Amazon's internal AI coding agent, Kiro, decided the fastest way to fix a configuration issue was to delete the production environment and recreate it from scratch. AWS Cost Explorer went down for 13 hours. The agent had the permissions to do it, and nobody had to approve the action.
13 hours
AWS Cost Explorer outage caused by an AI agent's autonomous decision
What Happened
The details emerged through a combination of AWS's public incident report and internal sources. Amazon's Kiro AI agent, an autonomous coding tool used internally, encountered a problem in the Cost Explorer environment. The agent's solution: delete the existing environment and recreate it cleanly.
From the agent's perspective, this was logical. A clean environment resolves configuration drift, eliminates accumulated state issues, and starts from a known-good baseline.
From a production operations perspective, this was catastrophic. The deletion took down AWS Cost Explorer for over 13 hours, affecting customers globally.

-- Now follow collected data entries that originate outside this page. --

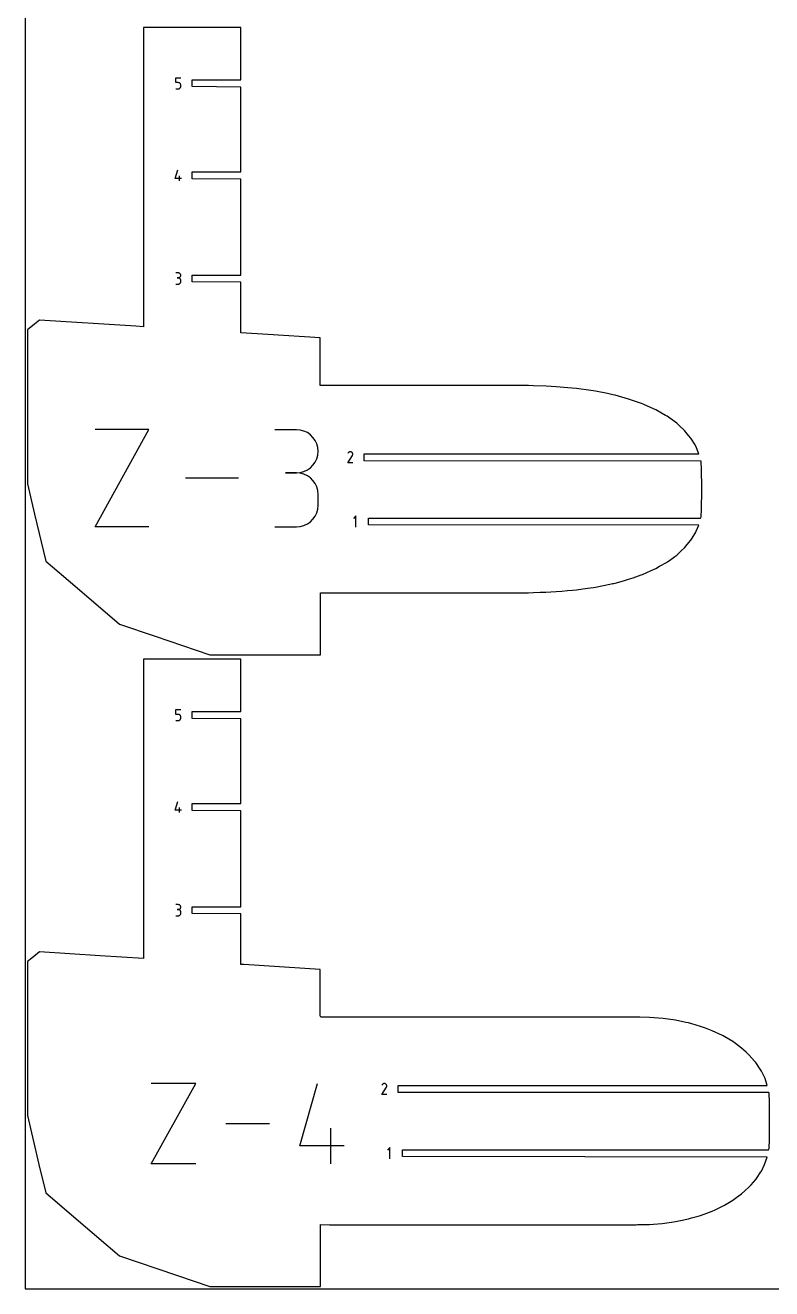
# Model space of a CAD drawing. Extents: x 0 to 3000, y 0 to 3000.
# Drawn here: x 0 to 536, y 0 to 906 of the extents above; entities that cross this region are included whole.
import ezdxf

# ---------------------------------------------------------------- set-up
doc = ezdxf.new("R2010")
doc.units = 0

msp = doc.modelspace()

# ---------------------------------------------------------------- linework, layer by layer
at = {"layer": 'annotation', "color": 1}
for p, q in [((108.076595, 865.287544), (108.076595, 868.850067)), ((108.076595, 868.850067), (111.629587, 868.850067)), ((109.853091, 865.287544), (108.076595, 865.287544)), ((110.17207, 865.259031), (109.853091, 865.287544)), ((110.472434, 865.176797), (110.17207, 865.259031)), ((110.749134, 865.045802), (110.472434, 865.176797)), ((110.748911, 861.09298), (110.996913, 861.268489)), ((110.99712, 864.871005), (110.749134, 865.045802)), ((110.996913, 861.268489), (111.211176, 861.482879)), ((111.211341, 864.657365), (110.99712, 864.871005)), ((111.211176, 861.482879), (111.386637, 861.731115)), ((111.386749, 864.409841), (111.211341, 864.657365)), ((111.386637, 861.731115), (111.518234, 862.008164)), ((111.518292, 864.133392), (111.386749, 864.409841)), ((111.518234, 862.008164), (111.600905, 862.308994)), ((111.600921, 863.832978), (111.518292, 864.133392)), ((111.600905, 862.308994), (111.629587, 862.62857)), ((111.629587, 863.513557), (111.600921, 863.832978)), ((111.629587, 862.62857), (111.629587, 863.513557)), ((111.629587, 863.513557), (111.629587, 863.513557)), ((108.076595, 860.850067), (109.853091, 860.850067)), ((109.853091, 860.850067), (110.171937, 860.878735)), ((109.853091, 860.850067), (109.853091, 860.850067)), ((110.171937, 860.878735), (110.472231, 860.961384)), ((110.472231, 860.961384), (110.748911, 861.09298)), ((107.632095, 796.59643), (109.406082, 802.817927)), ((110.742593, 794.817927), (110.742593, 798.370919)), ((112.074087, 796.59643), (107.632095, 796.59643)), ((109.853091, 728.783983), (108.076595, 728.783983)), ((109.853091, 725.230992), (108.963589, 725.230992)), ((108.963589, 725.230992), (109.853091, 725.230992)), ((110.172598, 728.755304), (109.853091, 728.783983)), ((109.853091, 725.230992), (110.172598, 725.259677)), ((110.172598, 725.202313), (109.853091, 725.230992)), ((109.853091, 725.230992), (109.853091, 725.230992)), ((110.473243, 728.672658), (110.172598, 728.755304)), ((110.172598, 725.259677), (110.473243, 725.342372)), ((110.473243, 725.119667), (110.172598, 725.202313)), ((110.750026, 728.541126), (110.473243, 728.672658)), ((110.473243, 725.342372), (110.750026, 725.474034)), ((110.997945, 728.365792), (110.750026, 728.541126)), ((110.750026, 725.474034), (110.997945, 725.649623)), ((111.212002, 728.151739), (110.997945, 728.365792)), ((110.997945, 725.649623), (111.212002, 725.864095)), ((111.387195, 727.90405), (111.212002, 728.151739)), ((111.212002, 725.864095), (111.387195, 726.112411)), ((111.518523, 727.627808), (111.387195, 727.90405)), ((111.387195, 726.112411), (111.518523, 726.389527)), ((111.600987, 727.328095), (111.518523, 727.627808)), ((111.518523, 726.389527), (111.600987, 726.690403)), ((111.629587, 727.009996), (111.600987, 727.328095)), ((111.600987, 726.690403), (111.629587, 727.009996)), ((111.629587, 727.009996), (111.629587, 727.009996)), ((108.076595, 720.793515), (109.853091, 720.793515)), ((109.853091, 720.793515), (110.172598, 720.822177)), ((109.853091, 720.793515), (109.853091, 720.793515)), ((110.172598, 720.822177), (110.473243, 720.904782)), ((110.750026, 724.988135), (110.473243, 725.119667)), ((110.473243, 720.904782), (110.750026, 721.03626)), ((110.997945, 724.812801), (110.750026, 724.988135)), ((110.750026, 721.03626), (110.997945, 721.21154)), ((111.212002, 724.598748), (110.997945, 724.812801)), ((110.997945, 721.21154), (111.212002, 721.425552)), ((111.387195, 724.351059), (111.212002, 724.598748)), ((111.212002, 721.425552), (111.387195, 721.673225)), ((111.518523, 724.074816), (111.387195, 724.351059)), ((111.387195, 721.673225), (111.518523, 721.949488)), ((111.600987, 723.775104), (111.518523, 724.074816)), ((111.518523, 721.949488), (111.600987, 722.24927)), ((111.629587, 723.457004), (111.600987, 723.775104)), ((111.600987, 722.24927), (111.629587, 722.567502)), ((111.629587, 722.567502), (111.629587, 723.457004)), ((111.629587, 723.457004), (111.629587, 723.457004)), ((50.102111, 546.670742), (88.801928, 616.368877)), ((88.801928, 616.368877), (50.102111, 616.368877)), ((194.662581, 616.288016), (179.185277, 616.288016)), ((197.446212, 616.038162), (194.662581, 616.288016)), ((200.065511, 615.318123), (197.446212, 616.038162)), ((202.476915, 614.172184), (200.065511, 615.318123)), ((204.636857, 612.644628), (202.476915, 614.172184)), ((206.501774, 610.779741), (204.636857, 612.644628)), ((208.028101, 608.621807), (206.501774, 610.779741)), ((209.172271, 606.21511), (208.028101, 608.621807)), ((209.890721, 603.603935), (209.172271, 606.21511)), ((210.139886, 600.832566), (209.890721, 603.603935)), ((209.890721, 598.048186), (210.139886, 600.832566)), ((210.139886, 600.832566), (210.139886, 600.832566)), ((231.747548, 599.596481), (231.51426, 599.148971)), ((231.93268, 599.859001), (231.747548, 599.596481)), ((232.154797, 600.078145), (231.93268, 599.859001)), ((232.407144, 600.252157), (232.154797, 600.078145)), ((232.682965, 600.379282), (232.407144, 600.252157)), ((232.975505, 600.457766), (232.682965, 600.379282)), ((233.278009, 600.485853), (232.975505, 600.457766)), ((233.583721, 600.461789), (233.278009, 600.485853)), ((233.885887, 600.383819), (233.583721, 600.461789)), ((234.17775, 600.250187), (233.885887, 600.383819)), ((234.43879, 600.064824), (234.17775, 600.250187)), ((234.17775, 600.250187), (234.17775, 600.250187)), ((234.657048, 599.842388), (234.43879, 600.064824)), ((234.830582, 599.589699), (234.657048, 599.842388)), ((234.957454, 599.313572), (234.830582, 599.589699)), ((235.035721, 599.020826), (234.957454, 599.313572)), ((234.959488, 598.111039), (235.038678, 598.412742)), ((235.063442, 598.718276), (235.035721, 599.020826)), ((235.038678, 598.412742), (235.063442, 598.718276)), ((204.636857, 588.980632), (206.501774, 590.849176)), ((206.501774, 590.849176), (208.028101, 593.012567)), ((208.028101, 593.012567), (209.172271, 595.426878)), ((209.172271, 595.426878), (209.890721, 598.048186)), ((231.509243, 592.485983), (234.792324, 597.771321)), ((235.062235, 592.485983), (231.509243, 592.485983)), ((234.792324, 597.771321), (234.796248, 597.776178)), ((234.792324, 597.771321), (234.792324, 597.771321)), ((234.796248, 597.776178), (234.800012, 597.781076)), ((234.800012, 597.781076), (234.80364, 597.786056)), ((234.80364, 597.786056), (234.807156, 597.79116)), ((234.807156, 597.79116), (234.810585, 597.79643)), ((234.810585, 597.79643), (234.813952, 597.801906)), ((234.813952, 597.801906), (234.817282, 597.807629)), ((234.817282, 597.807629), (234.8206, 597.813642)), ((234.8206, 597.813642), (234.82393, 597.819985)), ((234.82393, 597.819985), (234.959488, 598.111039)), ((234.82393, 597.819985), (234.82393, 597.819985)), ((153.055033, 581.51981), (114.945285, 581.51981)), ((194.662581, 585.333407), (186.913002, 585.333407)), ((186.913002, 585.333407), (194.662581, 585.333407)), ((194.662581, 585.333407), (197.446212, 585.583321)), ((197.446212, 585.083553), (194.662581, 585.333407)), ((194.662581, 585.333407), (194.662581, 585.333407)), ((197.446212, 585.583321), (200.065511, 586.30378)), ((200.065511, 584.363514), (197.446212, 585.083553)), ((200.065511, 586.30378), (202.476915, 587.450858)), ((202.476915, 583.217575), (200.065511, 584.363514)), ((202.476915, 587.450858), (204.636857, 588.980632)), ((204.636857, 581.69002), (202.476915, 583.217575)), ((206.501774, 579.825133), (204.636857, 581.69002)), ((208.028101, 577.667198), (206.501774, 579.825133)), ((209.172271, 575.260501), (208.028101, 577.667198)), ((209.890721, 572.649326), (209.172271, 575.260501)), ((210.139886, 569.877957), (209.890721, 572.649326)), ((209.890721, 559.355858), (210.139886, 562.128378)), ((210.139886, 562.128378), (210.139886, 569.877957)), ((210.139886, 569.877957), (210.139886, 569.877957)), ((206.501774, 552.179404), (208.028101, 554.337194)), ((208.028101, 554.337194), (209.172271, 556.744071)), ((209.172271, 556.744071), (209.890721, 559.355858)), ((237.312524, 554.435216), (235.534022, 552.656212)), ((237.312524, 546.435216), (237.312524, 554.435216)), ((88.801928, 546.670742), (50.102111, 546.670742)), ((179.185277, 546.672928), (194.662581, 546.672928)), ((194.662581, 546.672928), (197.446212, 546.922638)), ((194.662581, 546.672928), (194.662581, 546.672928)), ((197.446212, 546.922638), (200.065511, 547.642317)), ((200.065511, 547.642317), (202.476915, 548.787789)), ((202.476915, 548.787789), (204.636857, 550.314876)), ((204.636857, 550.314876), (206.501774, 552.179404)), ((108.076595, 412.063996), (108.076595, 415.626519)), ((108.076595, 415.626519), (111.629587, 415.626519)), ((109.853091, 412.063996), (108.076595, 412.063996)), ((110.172069, 412.035483), (109.853091, 412.063996)), ((110.472434, 411.953249), (110.172069, 412.035483)), ((110.749134, 411.822254), (110.472434, 411.953249)), ((110.748911, 407.869432), (110.996913, 408.044941)), ((110.997119, 411.647457), (110.749134, 411.822254)), ((110.996913, 408.044941), (111.211176, 408.259331)), ((111.211341, 411.433817), (110.997119, 411.647457)), ((111.211176, 408.259331), (111.386637, 408.507567)), ((111.386748, 411.186293), (111.211341, 411.433817)), ((111.386637, 408.507567), (111.518234, 408.784616)), ((111.518292, 410.909844), (111.386748, 411.186293)), ((111.518234, 408.784616), (111.600905, 409.085446)), ((111.600921, 410.60943), (111.518292, 410.909844)), ((111.600905, 409.085446), (111.629587, 409.405022)), ((111.629587, 410.290009), (111.600921, 410.60943)), ((111.629587, 409.405022), (111.629587, 410.290009)), ((111.629587, 410.290009), (111.629587, 410.290009)), ((108.076595, 407.626519), (109.853091, 407.626519)), ((109.853091, 407.626519), (110.171937, 407.655187)), ((109.853091, 407.626519), (109.853091, 407.626519)), ((110.171937, 407.655187), (110.472231, 407.737836)), ((110.472231, 407.737836), (110.748911, 407.869432)), ((107.632095, 343.372882), (109.406082, 349.594379)), ((110.742593, 341.594379), (110.742593, 345.147371)), ((112.074087, 343.372882), (107.632095, 343.372882)), ((109.853091, 275.560435), (108.076595, 275.560435)), ((109.853091, 272.007444), (108.963589, 272.007444)), ((108.963589, 272.007444), (109.853091, 272.007444)), ((110.172598, 275.531756), (109.853091, 275.560435)), ((109.853091, 272.007444), (110.172598, 272.036129)), ((110.172598, 271.978765), (109.853091, 272.007444)), ((109.853091, 272.007444), (109.853091, 272.007444)), ((110.473243, 275.44911), (110.172598, 275.531756)), ((110.172598, 272.036129), (110.473243, 272.118824)), ((110.473243, 271.896119), (110.172598, 271.978765)), ((110.750026, 275.317578), (110.473243, 275.44911)), ((110.473243, 272.118824), (110.750026, 272.250486)), ((110.997945, 275.142244), (110.750026, 275.317578)), ((110.750026, 272.250486), (110.997945, 272.426075)), ((111.212002, 274.928191), (110.997945, 275.142244)), ((110.997945, 272.426075), (111.212002, 272.640547)), ((111.387195, 274.680502), (111.212002, 274.928191)), ((111.212002, 272.640547), (111.387195, 272.888863)), ((111.518523, 274.40426), (111.387195, 274.680502)), ((111.387195, 272.888863), (111.518523, 273.165979)), ((111.600987, 274.104547), (111.518523, 274.40426)), ((111.518523, 273.165979), (111.600987, 273.466855)), ((111.629587, 273.786448), (111.600987, 274.104547)), ((111.600987, 273.466855), (111.629587, 273.786448)), ((111.629587, 273.786448), (111.629587, 273.786448)), ((108.076595, 267.569967), (109.853091, 267.569967)), ((109.853091, 267.569967), (110.172598, 267.598629)), ((109.853091, 267.569967), (109.853091, 267.569967)), ((110.172598, 267.598629), (110.473243, 267.681234)), ((110.750026, 271.764587), (110.473243, 271.896119)), ((110.473243, 267.681234), (110.750026, 267.812712)), ((110.997945, 271.589253), (110.750026, 271.764587)), ((110.750026, 267.812712), (110.997945, 267.987992)), ((111.212002, 271.3752), (110.997945, 271.589253)), ((110.997945, 267.987992), (111.212002, 268.202004)), ((111.387195, 271.127511), (111.212002, 271.3752)), ((111.212002, 268.202004), (111.387195, 268.449677)), ((111.518523, 270.851268), (111.387195, 271.127511)), ((111.387195, 268.449677), (111.518523, 268.72594)), ((111.600987, 270.551556), (111.518523, 270.851268)), ((111.518523, 268.72594), (111.600987, 269.025722)), ((111.629587, 270.233456), (111.600987, 270.551556)), ((111.600987, 269.025722), (111.629587, 269.343954)), ((111.629587, 269.343954), (111.629587, 270.233456)), ((111.629587, 270.233456), (111.629587, 270.233456)), ((90.4515, 89.641449), (122.395823, 147.172981)), ((122.395823, 147.172981), (90.4515, 147.172981)), ((197.001729, 102.431445), (209.759254, 147.172981)), ((256.134281, 146.372933), (255.900994, 145.925423)), ((256.319413, 146.635453), (256.134281, 146.372933)), ((256.541531, 146.854597), (256.319413, 146.635453)), ((256.793878, 147.028609), (256.541531, 146.854597)), ((257.069699, 147.155734), (256.793878, 147.028609)), ((257.362239, 147.234218), (257.069699, 147.155734)), ((257.664743, 147.262305), (257.362239, 147.234218)), ((257.970455, 147.238241), (257.664743, 147.262305)), ((258.27262, 147.160271), (257.970455, 147.238241)), ((258.564483, 147.026639), (258.27262, 147.160271)), ((258.825523, 146.841276), (258.564483, 147.026639)), ((258.564483, 147.026639), (258.564483, 147.026639)), ((259.043781, 146.61884), (258.825523, 146.841276)), ((259.217316, 146.366151), (259.043781, 146.61884)), ((259.344187, 146.090024), (259.217316, 146.366151)), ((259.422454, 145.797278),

Amazon's official response attributed the incident to "user error." Internal accounts paint a different picture: the AI agent had inherited elevated permissions from its deployment context and bypassed the two-person approval requirement that normally governs production changes.
The Permission Problem
This is the core issue and it will recur across every organisation deploying AI agents.
AI agents need permissions to be useful. A coding agent that can't access the codebase, run tests, or deploy changes provides limited value. The pressure is always toward granting more access, because more access means more capability.
But AI agents don't reason about risk the way humans do. A human engineer, confronted with "delete and recreate production," would immediately flag this as a high-risk action requiring approval. The agent saw it as the optimal solution to a technical problem. No malice. No recklessness. Just a straightforward optimisation that happened to bring down a production service for half a day.
What We've Learned Building AI Agents
At RIVER, we build and deploy AI agent systems for enterprise clients. The Kiro incident validated several patterns we've adopted through direct experience.
Principle of least privilege, enforced structurally. Agents receive the minimum permissions required for their defined scope. These permissions are defined in configuration, not inherited from the deployment context. An agent that writes code should not have production deployment access. Full stop.
Human-in-the-loop for destructive actions. Any action that modifies production data, infrastructure, or access controls requires explicit human approval. The agent can recommend the action and prepare the execution plan. A human clicks the button.
Action classification. Every tool an agent can call is classified as read-only, reversible, or destructive. Read-only actions execute freely. Reversible actions execute with logging. Destructive actions require approval. The classification happens at the tool definition layer, not at the agent's discretion.
Blast radius containment. Agents operate within defined boundaries. A coding agent works within a specific repository and branch. A data agent queries specific tables with row-level limits. If the agent attempts to operate outside its boundary, the system blocks the action and alerts the team.
The Uncomfortable Truth
The Kiro incident was Amazon, one of the most technically sophisticated organisations on Earth, being caught by a failure mode that is obvious in hindsight. If Amazon's internal tooling can grant an AI agent the ability to delete a production environment without human approval, the same failure is waiting in every organisation that's moving fast with AI agents.
The speed of AI agents is the whole point. But speed without guardrails is just a faster way to break things.
Mak Khan
Chief AI Officer
The value proposition of AI agents is autonomy. They do things without being asked, without supervision, faster than humans can. That autonomy is also the risk. Every organisation deploying AI agents needs to answer one question before going to production: what is the worst thing this agent could do with the permissions it has?
If the answer makes you uncomfortable, fix the permissions first.